Author image Philip Abrahamson

NAME

Lingua::EN::TitleParse - Parse titles in people's names

SYNOPSIS

  use Lingua::EN::TitleParse;

  # Functional interface
  my ($title, $name) = Lingua::EN::TitleParse->parse("Mr Joe Bloggs");

  # $title = "Mr", $name = "Joe Bloggs"

  # OO interface
  $title_obj      = Lingua::EN::TitleParse->new();
  ($title, $name) = $title_obj->parse("Mr Joe Bloggs");

  # $title = "Mr", $name = "Joe Bloggs"

  # Use your own titles with the OO interface
  #
  @titles = ('Master', 'International Master', 'Grandmaster');
  $title_obj  = Lingua::EN::TitleParse->new( titles => \@titles );
  ($title, $name) = $title_obj->parse("Grandmaster Joe Bloggs");

  # $title = "Grandmaster", $name = "Joe Bloggs"

  # Retrieve the list of titles
  @titles = $title_obj->titles;

  # Optionally get cleaned titles on output
  $title_obj      = Lingua::EN::TitleParse->new( clean => 1 );
  ($title, $name) = $title_obj->parse("mR. Joe Bloggs");

  # $title = "Mr", $name  = "Joe Bloggs"
 
  # Without 'clean' turned on
  $title_obj      = Lingua::EN::TitleParse->new();
  ($title, $name) = $title_obj->parse("mR. Joe Bloggs");

  # $title = "mR.", $name  = "Joe Bloggs"

DESCRIPTION

This module parses strings containing people's names to identify titles, like "Mr", "Mrs", etc, so the names and titles can be separated.

e.g. "Mr Joe Bloggs" will be parsed to "Mr", and "Joe Bloggs".

The module handles "fuzziness" such as changes of case and punctuation characters: "Mr", "MR", "Mr.", and "mr" will all be recognised correctly.

It differs from another CPAN module, Lingua::EN::NameParse, in two key respects:

Firstly, Lingua::EN::TitleParse performs well irrespective of the number of titles being matched against. While Lingua::EN::NameParse loops through a series of regular expressions, and suffers when the set of titles being matched is long, Lingua::EN::TitleParse uses hash-lookups after "normalising" each name string, providing consistently good performance.
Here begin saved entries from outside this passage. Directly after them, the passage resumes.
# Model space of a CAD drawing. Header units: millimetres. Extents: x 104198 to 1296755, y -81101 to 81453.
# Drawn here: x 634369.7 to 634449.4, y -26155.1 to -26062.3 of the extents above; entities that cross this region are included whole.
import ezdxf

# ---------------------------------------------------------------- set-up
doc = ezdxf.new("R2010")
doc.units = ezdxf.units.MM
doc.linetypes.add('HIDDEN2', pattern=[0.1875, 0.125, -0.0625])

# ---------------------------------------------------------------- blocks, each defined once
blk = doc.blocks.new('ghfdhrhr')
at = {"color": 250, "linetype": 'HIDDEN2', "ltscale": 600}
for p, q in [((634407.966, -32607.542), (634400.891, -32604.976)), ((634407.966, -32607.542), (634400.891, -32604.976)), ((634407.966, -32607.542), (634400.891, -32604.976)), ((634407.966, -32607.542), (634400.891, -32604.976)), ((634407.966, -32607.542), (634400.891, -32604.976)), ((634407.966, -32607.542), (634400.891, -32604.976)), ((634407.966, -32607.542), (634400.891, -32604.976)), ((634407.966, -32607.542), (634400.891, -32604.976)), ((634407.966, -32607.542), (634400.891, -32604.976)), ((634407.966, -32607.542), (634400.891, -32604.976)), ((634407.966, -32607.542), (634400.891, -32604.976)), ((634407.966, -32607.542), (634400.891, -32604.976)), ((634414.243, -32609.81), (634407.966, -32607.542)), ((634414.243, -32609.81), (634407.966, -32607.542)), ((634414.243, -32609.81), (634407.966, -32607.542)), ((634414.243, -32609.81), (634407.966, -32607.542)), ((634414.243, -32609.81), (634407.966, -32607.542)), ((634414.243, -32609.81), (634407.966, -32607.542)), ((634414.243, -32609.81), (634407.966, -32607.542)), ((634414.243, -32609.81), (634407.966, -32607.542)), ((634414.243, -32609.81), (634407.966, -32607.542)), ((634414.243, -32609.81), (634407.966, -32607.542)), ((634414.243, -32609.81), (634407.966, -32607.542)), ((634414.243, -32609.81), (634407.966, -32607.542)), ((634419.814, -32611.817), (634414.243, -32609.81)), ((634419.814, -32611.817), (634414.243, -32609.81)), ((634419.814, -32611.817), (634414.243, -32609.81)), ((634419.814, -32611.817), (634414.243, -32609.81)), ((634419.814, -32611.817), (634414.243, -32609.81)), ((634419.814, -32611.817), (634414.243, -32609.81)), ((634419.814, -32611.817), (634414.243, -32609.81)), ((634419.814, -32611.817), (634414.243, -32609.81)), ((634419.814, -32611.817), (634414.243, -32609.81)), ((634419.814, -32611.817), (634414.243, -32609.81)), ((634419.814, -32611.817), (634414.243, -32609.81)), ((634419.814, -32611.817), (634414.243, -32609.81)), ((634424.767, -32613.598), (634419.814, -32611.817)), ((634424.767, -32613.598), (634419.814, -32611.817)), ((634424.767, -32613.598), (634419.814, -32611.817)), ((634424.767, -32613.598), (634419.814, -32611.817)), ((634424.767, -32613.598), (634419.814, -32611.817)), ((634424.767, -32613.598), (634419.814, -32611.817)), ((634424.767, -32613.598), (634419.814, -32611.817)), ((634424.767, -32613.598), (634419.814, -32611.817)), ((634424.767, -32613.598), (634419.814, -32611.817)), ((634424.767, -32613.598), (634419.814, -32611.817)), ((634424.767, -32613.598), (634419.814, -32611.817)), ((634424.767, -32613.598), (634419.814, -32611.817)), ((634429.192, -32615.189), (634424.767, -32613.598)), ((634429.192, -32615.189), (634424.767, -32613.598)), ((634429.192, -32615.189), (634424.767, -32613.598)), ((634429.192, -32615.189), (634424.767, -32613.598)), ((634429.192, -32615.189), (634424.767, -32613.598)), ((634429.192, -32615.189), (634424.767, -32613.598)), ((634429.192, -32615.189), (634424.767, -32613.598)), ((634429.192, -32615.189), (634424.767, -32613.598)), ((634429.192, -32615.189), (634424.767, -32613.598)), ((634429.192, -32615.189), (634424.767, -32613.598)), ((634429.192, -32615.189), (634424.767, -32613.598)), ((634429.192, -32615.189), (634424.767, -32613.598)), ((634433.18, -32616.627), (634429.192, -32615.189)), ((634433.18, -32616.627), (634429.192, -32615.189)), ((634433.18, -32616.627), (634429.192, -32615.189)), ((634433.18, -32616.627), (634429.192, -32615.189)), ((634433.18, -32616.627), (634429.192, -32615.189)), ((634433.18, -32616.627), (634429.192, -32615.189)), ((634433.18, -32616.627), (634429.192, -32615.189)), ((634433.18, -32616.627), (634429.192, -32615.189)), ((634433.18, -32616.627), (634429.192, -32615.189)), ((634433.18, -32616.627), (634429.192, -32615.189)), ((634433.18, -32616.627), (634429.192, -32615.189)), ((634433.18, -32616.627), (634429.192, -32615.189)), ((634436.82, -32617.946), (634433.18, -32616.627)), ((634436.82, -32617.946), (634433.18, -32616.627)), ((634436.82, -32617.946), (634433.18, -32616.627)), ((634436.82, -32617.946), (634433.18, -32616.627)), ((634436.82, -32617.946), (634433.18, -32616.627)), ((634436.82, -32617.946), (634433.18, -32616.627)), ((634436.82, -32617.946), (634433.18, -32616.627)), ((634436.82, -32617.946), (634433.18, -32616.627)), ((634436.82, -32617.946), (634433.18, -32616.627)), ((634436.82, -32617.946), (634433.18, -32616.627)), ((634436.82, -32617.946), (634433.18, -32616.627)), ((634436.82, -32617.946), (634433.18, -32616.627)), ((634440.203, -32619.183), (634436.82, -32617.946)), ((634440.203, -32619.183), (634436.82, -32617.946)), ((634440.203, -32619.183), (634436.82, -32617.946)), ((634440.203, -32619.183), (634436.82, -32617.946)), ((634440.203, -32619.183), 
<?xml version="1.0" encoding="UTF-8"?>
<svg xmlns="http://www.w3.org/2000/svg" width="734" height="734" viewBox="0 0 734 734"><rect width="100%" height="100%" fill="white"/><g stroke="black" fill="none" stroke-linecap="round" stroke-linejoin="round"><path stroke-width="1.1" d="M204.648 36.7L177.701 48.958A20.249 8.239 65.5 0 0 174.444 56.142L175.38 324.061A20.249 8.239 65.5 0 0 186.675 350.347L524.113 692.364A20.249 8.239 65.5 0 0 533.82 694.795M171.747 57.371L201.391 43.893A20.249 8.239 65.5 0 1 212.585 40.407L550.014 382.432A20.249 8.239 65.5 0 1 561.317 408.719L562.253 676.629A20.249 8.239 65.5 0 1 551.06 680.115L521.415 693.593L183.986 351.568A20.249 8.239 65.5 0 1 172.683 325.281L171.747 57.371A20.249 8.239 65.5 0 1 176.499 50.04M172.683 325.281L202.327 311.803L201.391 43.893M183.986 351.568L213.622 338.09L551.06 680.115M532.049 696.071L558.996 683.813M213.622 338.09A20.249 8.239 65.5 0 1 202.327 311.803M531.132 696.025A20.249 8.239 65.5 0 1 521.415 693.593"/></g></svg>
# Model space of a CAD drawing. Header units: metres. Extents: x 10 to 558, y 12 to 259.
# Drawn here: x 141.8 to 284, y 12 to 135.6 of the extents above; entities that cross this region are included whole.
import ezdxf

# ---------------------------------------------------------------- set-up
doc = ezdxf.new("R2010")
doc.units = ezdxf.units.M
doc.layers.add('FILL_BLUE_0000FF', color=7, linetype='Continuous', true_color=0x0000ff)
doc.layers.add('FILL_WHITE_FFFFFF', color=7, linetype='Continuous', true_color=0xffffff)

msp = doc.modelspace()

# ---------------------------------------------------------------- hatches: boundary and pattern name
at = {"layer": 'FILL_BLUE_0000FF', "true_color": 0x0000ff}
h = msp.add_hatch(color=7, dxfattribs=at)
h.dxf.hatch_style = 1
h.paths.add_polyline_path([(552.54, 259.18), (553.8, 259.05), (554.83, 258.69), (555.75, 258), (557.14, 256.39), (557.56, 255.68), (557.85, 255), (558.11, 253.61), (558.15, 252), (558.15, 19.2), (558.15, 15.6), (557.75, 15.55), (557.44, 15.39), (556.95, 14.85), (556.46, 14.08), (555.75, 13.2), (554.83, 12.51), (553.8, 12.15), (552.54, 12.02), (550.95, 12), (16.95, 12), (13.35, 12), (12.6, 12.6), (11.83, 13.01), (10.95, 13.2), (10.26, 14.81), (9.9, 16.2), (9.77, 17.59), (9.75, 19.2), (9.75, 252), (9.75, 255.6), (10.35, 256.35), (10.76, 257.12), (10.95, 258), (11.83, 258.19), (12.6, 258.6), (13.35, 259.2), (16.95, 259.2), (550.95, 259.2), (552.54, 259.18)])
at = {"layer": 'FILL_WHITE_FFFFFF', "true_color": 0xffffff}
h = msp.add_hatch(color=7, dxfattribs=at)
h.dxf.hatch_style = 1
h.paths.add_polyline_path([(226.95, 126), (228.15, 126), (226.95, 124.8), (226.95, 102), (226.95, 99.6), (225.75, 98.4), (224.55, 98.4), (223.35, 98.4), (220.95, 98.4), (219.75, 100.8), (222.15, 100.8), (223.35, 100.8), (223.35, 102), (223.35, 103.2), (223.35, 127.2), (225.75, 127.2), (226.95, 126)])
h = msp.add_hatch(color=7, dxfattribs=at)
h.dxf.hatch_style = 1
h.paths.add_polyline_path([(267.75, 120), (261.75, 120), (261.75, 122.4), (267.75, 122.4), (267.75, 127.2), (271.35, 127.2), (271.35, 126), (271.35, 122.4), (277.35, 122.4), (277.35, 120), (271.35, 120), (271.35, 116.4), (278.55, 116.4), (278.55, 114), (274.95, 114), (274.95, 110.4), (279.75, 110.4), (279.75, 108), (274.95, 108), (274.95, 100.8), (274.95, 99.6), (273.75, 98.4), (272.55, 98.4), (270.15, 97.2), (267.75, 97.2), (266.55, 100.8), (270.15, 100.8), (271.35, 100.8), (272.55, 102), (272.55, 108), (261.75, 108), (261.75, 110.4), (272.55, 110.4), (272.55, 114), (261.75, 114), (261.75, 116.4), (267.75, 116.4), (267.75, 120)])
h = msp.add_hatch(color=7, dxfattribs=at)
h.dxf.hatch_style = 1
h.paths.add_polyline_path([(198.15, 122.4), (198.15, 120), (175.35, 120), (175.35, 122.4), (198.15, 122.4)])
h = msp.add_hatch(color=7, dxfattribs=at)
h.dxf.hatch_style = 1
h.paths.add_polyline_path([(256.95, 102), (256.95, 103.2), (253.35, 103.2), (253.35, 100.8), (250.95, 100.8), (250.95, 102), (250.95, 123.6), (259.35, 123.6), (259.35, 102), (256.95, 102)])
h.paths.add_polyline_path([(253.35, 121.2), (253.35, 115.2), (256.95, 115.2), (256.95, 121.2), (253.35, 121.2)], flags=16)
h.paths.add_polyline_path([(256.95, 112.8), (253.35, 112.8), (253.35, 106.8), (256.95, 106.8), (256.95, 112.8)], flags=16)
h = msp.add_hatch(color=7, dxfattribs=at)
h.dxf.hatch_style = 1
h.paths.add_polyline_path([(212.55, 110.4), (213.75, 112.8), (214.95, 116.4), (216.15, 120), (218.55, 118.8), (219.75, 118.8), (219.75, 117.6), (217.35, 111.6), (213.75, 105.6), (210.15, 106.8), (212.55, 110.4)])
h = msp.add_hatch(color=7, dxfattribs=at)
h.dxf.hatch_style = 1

Secondly it's only focused on parsing titles in names, whereas Lingua::EN::NameParse attempts much more. However the extra intelligence of Lingua::EN::NameParse can come at the cost of predictablity. Lingua::EN::TitleParse is more conservative, and by default makes no changes to the case or content (with the exception of compressing extra white-space) of what was input, effectively only splitting the input string in two. (But that said, there is an option to output cleaned titles).

We're using the same titles Lingua::EN::NameParse uses (their "extended set") with minor additions, but your own set of titles can be imported instead.

METHODS

parse

This method identifies a title in a name and splits the name out into the title and the rest of the name.

  # e.g. via the functional interface
  my ($title, $name) = Lingua::EN::TitleParse->parse("Mr Joe Bloggs");

  # e.g. via the Object-Oriented interface
  $title_obj      = Lingua::EN::TitleParse->new();
  ($title, $name) = $title_obj->parse("Mr Joe Bloggs");
titles

This method returns an array of the titles in use. This will either be the default titles, or custom titles input during construction.

  # e.g. via the functional interface
  @titles = Lingua::EN::TitleParse->titles;

  # e.g. via the Object-Oriented interface
  $title_obj = Lingua::EN::TitleParse->new( titles => \@custom_titles );
  @titles = $title_obj->titles;

EXPORT

None.

SEE ALSO

Lingua::EN::NameParse

AUTHOR

Philip Abrahamson, <PhilipAbrahamson@venda.com>

COPYRIGHT AND LICENSE

Copyright (C) 2013 by Venda Ltd

This library is free software; you can redistribute it and/or modify it under the same terms as Perl itself, either Perl version 5.14.4 or, at your option, any later version of Perl 5 you may have available.